# Activity:
All lines of the records below that contain the word "entryX" must be listed.

# Records for the task:

===

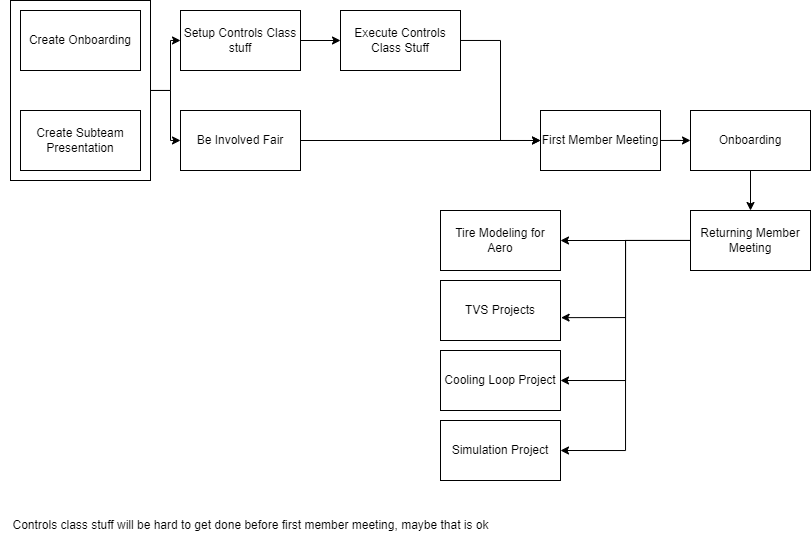

The diagram above was exported from draw.io. Its source (the exported page's mxGraphModel, read from the mxfile embedded in the PNG):
<mxGraphModel dx="1436" dy="687" grid="1" gridSize="10" guides="1" tooltips="1" connect="1" arrows="1" fold="1" page="1" pageScale="1" pageWidth="850" pageHeight="1100" math="0" shadow="0">
  <root>
    <mxCell id="0" />
    <mxCell id="1" parent="0" />
    <mxCell id="YQ_xDZ9m08PotPYeSpJk-10" style="edgeStyle=orthogonalEdgeStyle;rounded=0;orthogonalLoop=1;jettySize=auto;html=1;entryX=0;entryY=0.5;entryDx=0;entryDy=0;" edge="1" parent="1" source="YQ_xDZ9m08PotPYeSpJk-9" target="YQ_xDZ9m08PotPYeSpJk-4">
      <mxGeometry relative="1" as="geometry" />
    </mxCell>
    <mxCell id="YQ_xDZ9m08PotPYeSpJk-11" style="edgeStyle=orthogonalEdgeStyle;rounded=0;orthogonalLoop=1;jettySize=auto;html=1;" edge="1" parent="1" source="YQ_xDZ9m08PotPYeSpJk-9" target="YQ_xDZ9m08PotPYeSpJk-3">
      <mxGeometry relative="1" as="geometry" />
    </mxCell>
    <mxCell id="YQ_xDZ9m08PotPYeSpJk-9" value="" style="rounded=0;whiteSpace=wrap;html=1;" vertex="1" parent="1">
      <mxGeometry x="20" y="90" width="140" height="180" as="geometry" />
    </mxCell>
    <mxCell id="YQ_xDZ9m08PotPYeSpJk-1" value="Create Onboarding" style="rounded=0;whiteSpace=wrap;html=1;" vertex="1" parent="1">
      <mxGeometry x="30" y="100" width="120" height="60" as="geometry" />
    </mxCell>
    <mxCell id="YQ_xDZ9m08PotPYeSpJk-2" value="Create Subteam Presentation" style="rounded=0;whiteSpace=wrap;html=1;" vertex="1" parent="1">
      <mxGeometry x="30" y="200" width="120" height="60" as="geometry" />
    </mxCell>
    <mxCell id="YQ_xDZ9m08PotPYeSpJk-13" style="edgeStyle=orthogonalEdgeStyle;rounded=0;orthogonalLoop=1;jettySize=auto;html=1;" edge="1" parent="1" source="YQ_xDZ9m08PotPYeSpJk-3" target="YQ_xDZ9m08PotPYeSpJk-6">
      <mxGeometry relative="1" as="geometry" />
    </mxCell>
    <mxCell id="YQ_xDZ9m08PotPYeSpJk-3" value="Be Involved Fair" style="rounded=0;whiteSpace=wrap;html=1;" vertex="1" parent="1">
      <mxGeometry x="190" y="200" width="120" height="60" as="geometry" />
    </mxCell>
    <mxCell id="YQ_xDZ9m08PotPYeSpJk-12" style="edgeStyle=orthogonalEdgeStyle;rounded=0;orthogonalLoop=1;jettySize=auto;html=1;entryX=0;entryY=0.5;entryDx=0;entryDy=0;" edge="1" parent="1" source="YQ_xDZ9m08PotPYeSpJk-4" target="YQ_xDZ9m08PotPYeSpJk-5">
      <mxGeometry relative="1" as="geometry" />
    </mxCell>
    <mxCell id="YQ_xDZ9m08PotPYeSpJk-4" value="Setup Controls Class stuff" style="rounded=0;whiteSpace=wrap;html=1;" vertex="1" parent="1">
      <mxGeometry x="190" y="100" width="120" height="60" as="geometry" />
    </mxCell>
    <mxCell id="YQ_xDZ9m08PotPYeSpJk-14" style="edgeStyle=orthogonalEdgeStyle;rounded=0;orthogonalLoop=1;jettySize=auto;html=1;entryX=0;entryY=0.5;entryDx=0;entryDy=0;" edge="1" parent="1" source="YQ_xDZ9m08PotPYeSpJk-5" target="YQ_xDZ9m08PotPYeSpJk-6">
      <mxGeometry relative="1" as="geometry" />
    </mxCell>
    <mxCell id="YQ_xDZ9m08PotPYeSpJk-5" value="Execute Controls Class Stuff" style="rounded=0;whiteSpace=wrap;html=1;" vertex="1" parent="1">
      <mxGeometry x="350" y="100" width="120" height="60" as="geometry" />
    </mxCell>
    <mxCell id="YQ_xDZ9m08PotPYeSpJk-15" style="edgeStyle=orthogonalEdgeStyle;rounded=0;orthogonalLoop=1;jettySize=auto;html=1;" edge="1" parent="1" source="YQ_xDZ9m08PotPYeSpJk-6" target="YQ_xDZ9m08PotPYeSpJk-8">
      <mxGeometry relative="1" as="geometry" />
    </mxCell>
    <mxCell id="YQ_xDZ9m08PotPYeSpJk-6" value="First Member Meeting" style="rounded=0;whiteSpace=wrap;html=1;" vertex="1" parent="1">
      <mxGeometry x="550" y="200" width="120" height="60" as="geometry" />
    </mxCell>
    <mxCell id="YQ_xDZ9m08PotPYeSpJk-21" style="edgeStyle=orthogonalEdgeStyle;rounded=0;orthogonalLoop=1;jettySize=auto;html=1;" edge="1" parent="1" source="YQ_xDZ9m08PotPYeSpJk-7" target="YQ_xDZ9m08PotPYeSpJk-17">
      <mxGeometry relative="1" as="geometry" />
    </mxCell>
    <mxCell id="YQ_xDZ9m08PotPYeSpJk-22" style="edgeStyle=orthogonalEdgeStyle;rounded=0;orthogonalLoop=1;jettySize=auto;html=1;entryX=1.005;entryY=0.619;entryDx=0;entryDy=0;entryPerimeter=0;" edge="1" parent="1" source="YQ_xDZ9m08PotPYeSpJk-7" target="YQ_xDZ9m08PotPYeSpJk-18">
      <mxGeometry relative="1" as="geometry" />
    </mxCell>
    <mxCell id="YQ_xDZ9m08PotPYeSpJk-23" style="edgeStyle=orthogonalEdgeStyle;rounded=0;orthogonalLoop=1;jettySize=auto;html=1;entryX=1;entryY=0.5;entryDx=0;entryDy=0;" edge="1" parent="1" source="YQ_xDZ9m08PotPYeSpJk-7" target="YQ_xDZ9m08PotPYeSpJk-19">
      <mxGeometry relative="1" as="geometry" />
    </mxCell>
    <mxCell id="YQ_xDZ9m08PotPYeSpJk-24" style="edgeStyle=orthogonalEdgeStyle;rounded=0;orthogonalLoop=1;jettySize=auto;html=1;entryX=1;entryY=0.5;entryDx=0;entryDy=0;" edge="1" parent="1" source="YQ_xDZ9m08PotPYeSpJk-7" target="YQ_xDZ9m08PotPYeSpJk-20">
      <mxGeometry relative="1" as="geometry" />
    </mxCell>
    <mxCell id="YQ_xDZ9m08PotPYeSpJk-7" value="Returning Member Meeting" style="rounded=0;whiteSpace=wrap;html=1;" vertex="1" parent="1">
      <mxGeometry x="700" y="300" width="120" height="60" as="geometry" />
    </mxCell>
    <mxCell id="YQ_xDZ9m08PotPYeSpJk-16" style="edgeStyle=orthogonalEdgeStyle;rounded=0;orthogonalLoop=1;jettySize=auto;html=1;" edge="1" parent="1" source="YQ_xDZ9m08PotPYeSpJk-8" target="YQ_xDZ9m08PotPYeSpJk-7">
      <mxGeometry relative="1" as="geometry" />
    </mxCell>
    <mxCell id="YQ_xDZ9m08PotPYeSpJk-8" value="Onboarding" style="rounded=0;whiteSpace=wrap;html=1;" vertex="1" parent="1">
      <mxGeometry x="700" y="200" width="120" height="60" as="geometry" />
    </mxCell>
    <mxCell id="YQ_xDZ9m08PotPYeSpJk-17" value="Tire Modeling for Aero" style="rounded=0;whiteSpace=wrap;html=1;" vertex="1" parent="1">
      <mxGeometry x="450" y="300" width="120" height="60" as="geometry" />
    </mxCell>
    <mxCell id="YQ_xDZ9m08PotPYeSpJk-18" value="TVS Projects" style="rounded=0;whiteSpace=wrap;html=1;" vertex="1" parent="1">
      <mxGeometry x="450" y="370" width="120" height="60" as="geometry" />
    </mxCell>
    <mxCell id="YQ_xDZ9m08PotPYeSpJk-19" value="Cooling Loop Project" style="rounded=0;whiteSpace=wrap;html=1;" vertex="1" parent="1">
      <mxGeometry x="450" y="440" width="120" height="60" as="geometry" />
    </mxCell>
    <mxCell id="YQ_xDZ9m08PotPYeSpJk-20" value="Simulation Project" style="rounded=0;whiteSpace=wrap;html=1;" vertex="1" parent="1">
      <mxGeometry x="450" y="510" width="120" height="60" as="geometry" />
    </mxCell>
    <mxCell id="YQ_xDZ9m08PotPYeSpJk-25" value="Controls class stuff will be hard to get done before first member meeting, maybe that is ok" style="text;html=1;align=center;verticalAlign=middle;resizable=0;points=[];autosize=1;strokeColor=none;fillColor=none;" vertex="1" parent="1">
      <mxGeometry x="10" y="600" width="500" height="30" as="geometry" />
    </mxCell>
  </root>
</mxGraphModel>

===

# Exercise solution:
    <mxCell id="YQ_xDZ9m08PotPYeSpJk-10" style="edgeStyle=orthogonalEdgeStyle;rounded=0;orthogonalLoop=1;jettySize=auto;html=1;entryX=0;entryY=0.5;entryDx=0;entryDy=0;" edge="1" parent="1" source="YQ_xDZ9m08PotPYeSpJk-9" target="YQ_xDZ9m08PotPYeSpJk-4">
    <mxCell id="YQ_xDZ9m08PotPYeSpJk-12" style="edgeStyle=orthogonalEdgeStyle;rounded=0;orthogonalLoop=1;jettySize=auto;html=1;entryX=0;entryY=0.5;entryDx=0;entryDy=0;" edge="1" parent="1" source="YQ_xDZ9m08PotPYeSpJk-4" target="YQ_xDZ9m08PotPYeSpJk-5">
    <mxCell id="YQ_xDZ9m08PotPYeSpJk-14" style="edgeStyle=orthogonalEdgeStyle;rounded=0;orthogonalLoop=1;jettySize=auto;html=1;entryX=0;entryY=0.5;entryDx=0;entryDy=0;" edge="1" parent="1" source="YQ_xDZ9m08PotPYeSpJk-5" target="YQ_xDZ9m08PotPYeSpJk-6">
    <mxCell id="YQ_xDZ9m08PotPYeSpJk-22" style="edgeStyle=orthogonalEdgeStyle;rounded=0;orthogonalLoop=1;jettySize=auto;html=1;entryX=1.005;entryY=0.619;entryDx=0;entryDy=0;entryPerimeter=0;" edge="1" parent="1" source="YQ_xDZ9m08PotPYeSpJk-7" target="YQ_xDZ9m08PotPYeSpJk-18">
    <mxCell id="YQ_xDZ9m08PotPYeSpJk-23" style="edgeStyle=orthogonalEdgeStyle;rounded=0;orthogonalLoop=1;jettySize=auto;html=1;entryX=1;entryY=0.5;entryDx=0;entryDy=0;" edge="1" parent="1" source="YQ_xDZ9m08PotPYeSpJk-7" target="YQ_xDZ9m08PotPYeSpJk-19">
    <mxCell id="YQ_xDZ9m08PotPYeSpJk-24" style="edgeStyle=orthogonalEdgeStyle;rounded=0;orthogonalLoop=1;jettySize=auto;html=1;entryX=1;entryY=0.5;entryDx=0;entryDy=0;" edge="1" parent="1" source="YQ_xDZ9m08PotPYeSpJk-7" target="YQ_xDZ9m08PotPYeSpJk-20">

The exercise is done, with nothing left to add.